Assigned task:
Only one stretch of the records below is wanted: the lines from the one holding "#21430 = DIRECTION" through the one holding "#25759 = ORIENTED_EDGE". Return it exactly, both ends included.

Stored items
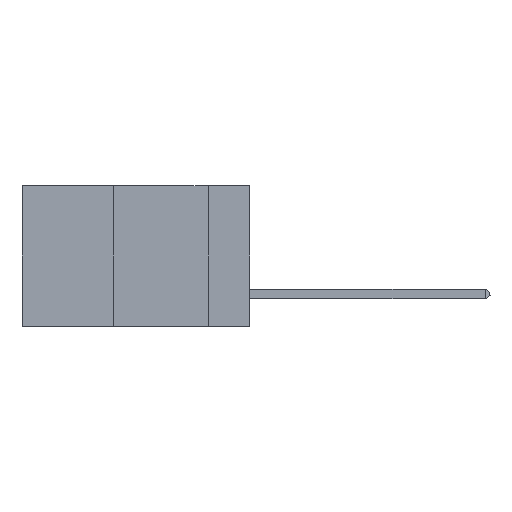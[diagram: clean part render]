
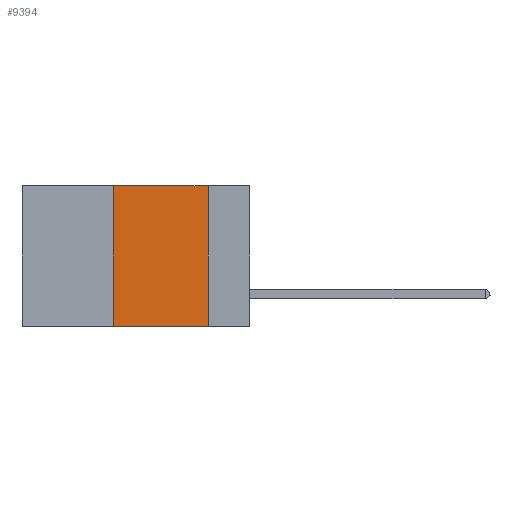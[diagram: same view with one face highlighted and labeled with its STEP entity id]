
A CAD part, left-side view. The second image highlights one B-rep face of the part: STEP entity #9394.
In plain terms, the highlighted planar face has unit normal (-1, 0, 0).
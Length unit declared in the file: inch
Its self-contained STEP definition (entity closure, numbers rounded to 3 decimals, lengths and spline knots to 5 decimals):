
#344 = VECTOR ( 'NONE', #7917, 39.37008 ) ;
#497 = DIRECTION ( 'NONE',  ( 0., 0., -1. ) ) ;
#654 = PLANE ( 'NONE',  #12254 ) ;
#928 = EDGE_CURVE ( 'NONE', #20056, #16907, #2650, .T. ) ;
#1216 = CARTESIAN_POINT ( 'NONE',  ( 0., 0.11, 0. ) ) ;
#1509 = DIRECTION ( 'NONE',  ( 0., -1., 0. ) ) ;
#1728 = EDGE_LOOP ( 'NONE', ( #21644, #12761, #12477, #19996 ) ) ;
#2590 = CARTESIAN_POINT ( 'NONE',  ( 0., 0.36, 0. ) ) ;
#2650 = LINE ( 'NONE', #2590, #22590 ) ;
#3061 = DIRECTION ( 'NONE',  ( 0., -1., 0. ) ) ;
#5105 = EDGE_CURVE ( 'NONE', #16907, #8506, #8698, .T. ) ;
#5330 = EDGE_CURVE ( 'NONE', #20056, #7472, #7218, .T. ) ;
#6297 = VECTOR ( 'NONE', #3061, 39.37008 ) ;
#6865 = CARTESIAN_POINT ( 'NONE',  ( 0., 0.36, -0.37 ) ) ;
#7218 = LINE ( 'NONE', #16076, #6297 ) ;
#7472 = VERTEX_POINT ( 'NONE', #23573 ) ;
#7917 = DIRECTION ( 'NONE',  ( 0., 0., -1. ) ) ;
#8506 = VERTEX_POINT ( 'NONE', #1216 ) ;
#8698 = LINE ( 'NONE', #10335, #10439 ) ;
#9394 = ADVANCED_FACE ( 'NONE', ( #14055 ), #654, .F. ) ;
#9648 = CARTESIAN_POINT ( 'NONE',  ( 0., 0.11, 0. ) ) ;
#10335 = CARTESIAN_POINT ( 'NONE',  ( 0., 0.6, 0. ) ) ;
#10439 = VECTOR ( 'NONE', #1509, 39.37008 ) ;
#10499 = CARTESIAN_POINT ( 'NONE',  ( 0., 0.36, 0. ) ) ;
#11791 = DIRECTION ( 'NONE',  ( 1., 0., 0. ) ) ;
#12254 = AXIS2_PLACEMENT_3D ( 'NONE', #17442, #11791, #497 ) ;
#12477 = ORIENTED_EDGE ( 'NONE', *, *, #928, .F. ) ;
#12761 = ORIENTED_EDGE ( 'NONE', *, *, #5105, .F. ) ;
#13874 = DIRECTION ( 'NONE',  ( 0., 0., 1. ) ) ;
#14055 = FACE_OUTER_BOUND ( 'NONE', #1728, .T. ) ;
#16010 = EDGE_CURVE ( 'NONE', #8506, #7472, #16502, .T. ) ;
#16076 = CARTESIAN_POINT ( 'NONE',  ( 0., 0.6, -0.37 ) ) ;
#16502 = LINE ( 'NONE', #9648, #344 ) ;
#16907 = VERTEX_POINT ( 'NONE', #10499 ) ;
#17442 = CARTESIAN_POINT ( 'NONE',  ( 0., 0.6, 0. ) ) ;
#19996 = ORIENTED_EDGE ( 'NONE', *, *, #5330, .T. ) ;
#20056 = VERTEX_POINT ( 'NONE', #6865 ) ;
#21644 = ORIENTED_EDGE ( 'NONE', *, *, #16010, .F. ) ;
#22590 = VECTOR ( 'NONE', #13874, 39.37008 ) ;
#23573 = CARTESIAN_POINT ( 'NONE',  ( 0., 0.11, -0.37 ) ) ;
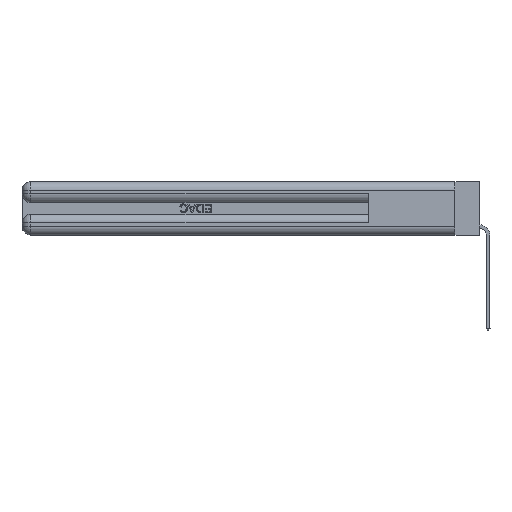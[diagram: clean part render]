
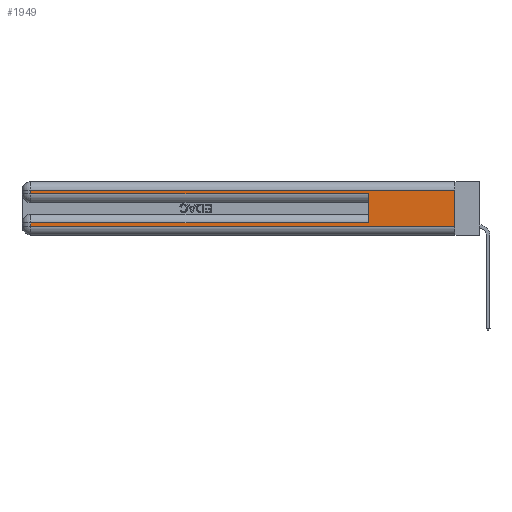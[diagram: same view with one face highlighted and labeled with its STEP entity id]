
A CAD part, left-side view. The second image highlights one B-rep face of the part: STEP entity #1949.
In plain terms, the highlighted planar face has unit normal (-1, 0, 0).
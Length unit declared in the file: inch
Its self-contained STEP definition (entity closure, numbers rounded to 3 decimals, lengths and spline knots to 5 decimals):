
#156 = CARTESIAN_POINT ( 'NONE',  ( 0., 0., 0.06 ) ) ;
#560 = VERTEX_POINT ( 'NONE', #10841 ) ;
#577 = VERTEX_POINT ( 'NONE', #15267 ) ;
#715 = CARTESIAN_POINT ( 'NONE',  ( 0., 2.94, 0.37 ) ) ;
#867 = CARTESIAN_POINT ( 'NONE',  ( 0., 0.6, 0.085 ) ) ;
#1339 = EDGE_CURVE ( 'NONE', #24908, #577, #19471, .T. ) ;
#1504 = ORIENTED_EDGE ( 'NONE', *, *, #1339, .T. ) ;
#1949 = ADVANCED_FACE ( 'NONE', ( #16104 ), #17626, .F. ) ;
#2207 = LINE ( 'NONE', #20891, #5168 ) ;
#2574 = CARTESIAN_POINT ( 'NONE',  ( 0., 0., 0.06 ) ) ;
#2688 = ORIENTED_EDGE ( 'NONE', *, *, #20521, .T. ) ;
#2765 = DIRECTION ( 'NONE',  ( 0., 0., -1. ) ) ;
#3167 = VERTEX_POINT ( 'NONE', #13289 ) ;
#3277 = CARTESIAN_POINT ( 'NONE',  ( 0., 2.94, 0.31 ) ) ;
#3307 = VECTOR ( 'NONE', #26518, 39.37008 ) ;
#3997 = CARTESIAN_POINT ( 'NONE',  ( 0., 0., 0.37 ) ) ;
#4176 = DIRECTION ( 'NONE',  ( 0., 0., -1. ) ) ;
#4612 = CARTESIAN_POINT ( 'NONE',  ( 0., 0., 0.085 ) ) ;
#4826 = LINE ( 'NONE', #2574, #6302 ) ;
#5168 = VECTOR ( 'NONE', #21430, 39.37008 ) ;
#5386 = CARTESIAN_POINT ( 'NONE',  ( 0., 0., 0.37 ) ) ;
#6302 = VECTOR ( 'NONE', #10820, 39.37008 ) ;
#6642 = CARTESIAN_POINT ( 'NONE',  ( 0., 0., 0.31 ) ) ;
#7224 = DIRECTION ( 'NONE',  ( 1., 0., 0. ) ) ;
#7662 = EDGE_CURVE ( 'NONE', #560, #3167, #2207, .T. ) ;
#8155 = VERTEX_POINT ( 'NONE', #16518 ) ;
#8654 = ORIENTED_EDGE ( 'NONE', *, *, #7662, .T. ) ;
#8766 = ORIENTED_EDGE ( 'NONE', *, *, #23681, .F. ) ;
#9604 = VERTEX_POINT ( 'NONE', #3277 ) ;
#10357 = VERTEX_POINT ( 'NONE', #867 ) ;
#10813 = LINE ( 'NONE', #6642, #12405 ) ;
#10820 = DIRECTION ( 'NONE',  ( 0., -1., 0. ) ) ;
#10841 = CARTESIAN_POINT ( 'NONE',  ( 0., 2.94, 0.285 ) ) ;
#10981 = VECTOR ( 'NONE', #4176, 39.37008 ) ;
#11008 = VECTOR ( 'NONE', #13116, 39.37008 ) ;
#11488 = VERTEX_POINT ( 'NONE', #156 ) ;
#12405 = VECTOR ( 'NONE', #23609, 39.37008 ) ;
#12518 = DIRECTION ( 'NONE',  ( 0., 0., -1. ) ) ;
#12652 = VECTOR ( 'NONE', #12518, 39.37008 ) ;
#13116 = DIRECTION ( 'NONE',  ( 0., 1., 0. ) ) ;
#13289 = CARTESIAN_POINT ( 'NONE',  ( 0., 0.6, 0.285 ) ) ;
#13552 = EDGE_CURVE ( 'NONE', #8155, #9604, #10813, .T. ) ;
#13621 = DIRECTION ( 'NONE',  ( 0., 0., -1. ) ) ;
#15169 = LINE ( 'NONE', #4612, #11008 ) ;
#15267 = CARTESIAN_POINT ( 'NONE',  ( 0., 2.94, 0.06 ) ) ;
#16104 = FACE_OUTER_BOUND ( 'NONE', #20859, .T. ) ;
#16518 = CARTESIAN_POINT ( 'NONE',  ( 0., 0., 0.31 ) ) ;
#16559 = LINE ( 'NONE', #25059, #10981 ) ;
#17476 = EDGE_CURVE ( 'NONE', #10357, #24908, #15169, .T. ) ;
#17626 = PLANE ( 'NONE',  #23579 ) ;
#18341 = CARTESIAN_POINT ( 'NONE',  ( 0., 2.94, 0.085 ) ) ;
#18501 = ORIENTED_EDGE ( 'NONE', *, *, #13552, .T. ) ;
#19471 = LINE ( 'NONE', #715, #19975 ) ;
#19931 = CARTESIAN_POINT ( 'NONE',  ( 0., 0.6, 0.145 ) ) ;
#19975 = VECTOR ( 'NONE', #2765, 39.37008 ) ;
#20220 = LINE ( 'NONE', #19931, #3307 ) ;
#20521 = EDGE_CURVE ( 'NONE', #577, #11488, #4826, .T. ) ;
#20859 = EDGE_LOOP ( 'NONE', ( #8766, #18501, #23274, #8654, #25759, #26529, #1504, #2688 ) ) ;
#20891 = CARTESIAN_POINT ( 'NONE',  ( 0., 0., 0.285 ) ) ;
#21201 = EDGE_CURVE ( 'NONE', #9604, #560, #16559, .T. ) ;
#21430 = DIRECTION ( 'NONE',  ( 0., -1., 0. ) ) ;
#23058 = LINE ( 'NONE', #3997, #12652 ) ;
#23274 = ORIENTED_EDGE ( 'NONE', *, *, #21201, .T. ) ;
#23579 = AXIS2_PLACEMENT_3D ( 'NONE', #5386, #7224, #13621 ) ;
#23609 = DIRECTION ( 'NONE',  ( 0., 1., 0. ) ) ;
#23681 = EDGE_CURVE ( 'NONE', #8155, #11488, #23058, .T. ) ;
#24236 = EDGE_CURVE ( 'NONE', #10357, #3167, #20220, .T. ) ;
#24908 = VERTEX_POINT ( 'NONE', #18341 ) ;
#25059 = CARTESIAN_POINT ( 'NONE',  ( 0., 2.94, 0.37 ) ) ;
#25759 = ORIENTED_EDGE ( 'NONE', *, *, #24236, .F. ) ;
#26518 = DIRECTION ( 'NONE',  ( 0., 0., 1. ) ) ;
#26529 = ORIENTED_EDGE ( 'NONE', *, *, #17476, .T. ) ;

Task response:
#21430 = DIRECTION ( 'NONE',  ( 0., -1., 0. ) ) ;
#23058 = LINE ( 'NONE', #3997, #12652 ) ;
#23274 = ORIENTED_EDGE ( 'NONE', *, *, #21201, .T. ) ;
#23579 = AXIS2_PLACEMENT_3D ( 'NONE', #5386, #7224, #13621 ) ;
#23609 = DIRECTION ( 'NONE',  ( 0., 1., 0. ) ) ;
#23681 = EDGE_CURVE ( 'NONE', #8155, #11488, #23058, .T. ) ;
#24236 = EDGE_CURVE ( 'NONE', #10357, #3167, #20220, .T. ) ;
#24908 = VERTEX_POINT ( 'NONE', #18341 ) ;
#25059 = CARTESIAN_POINT ( 'NONE',  ( 0., 2.94, 0.37 ) ) ;
#25759 = ORIENTED_EDGE ( 'NONE', *, *, #24236, .F. ) ;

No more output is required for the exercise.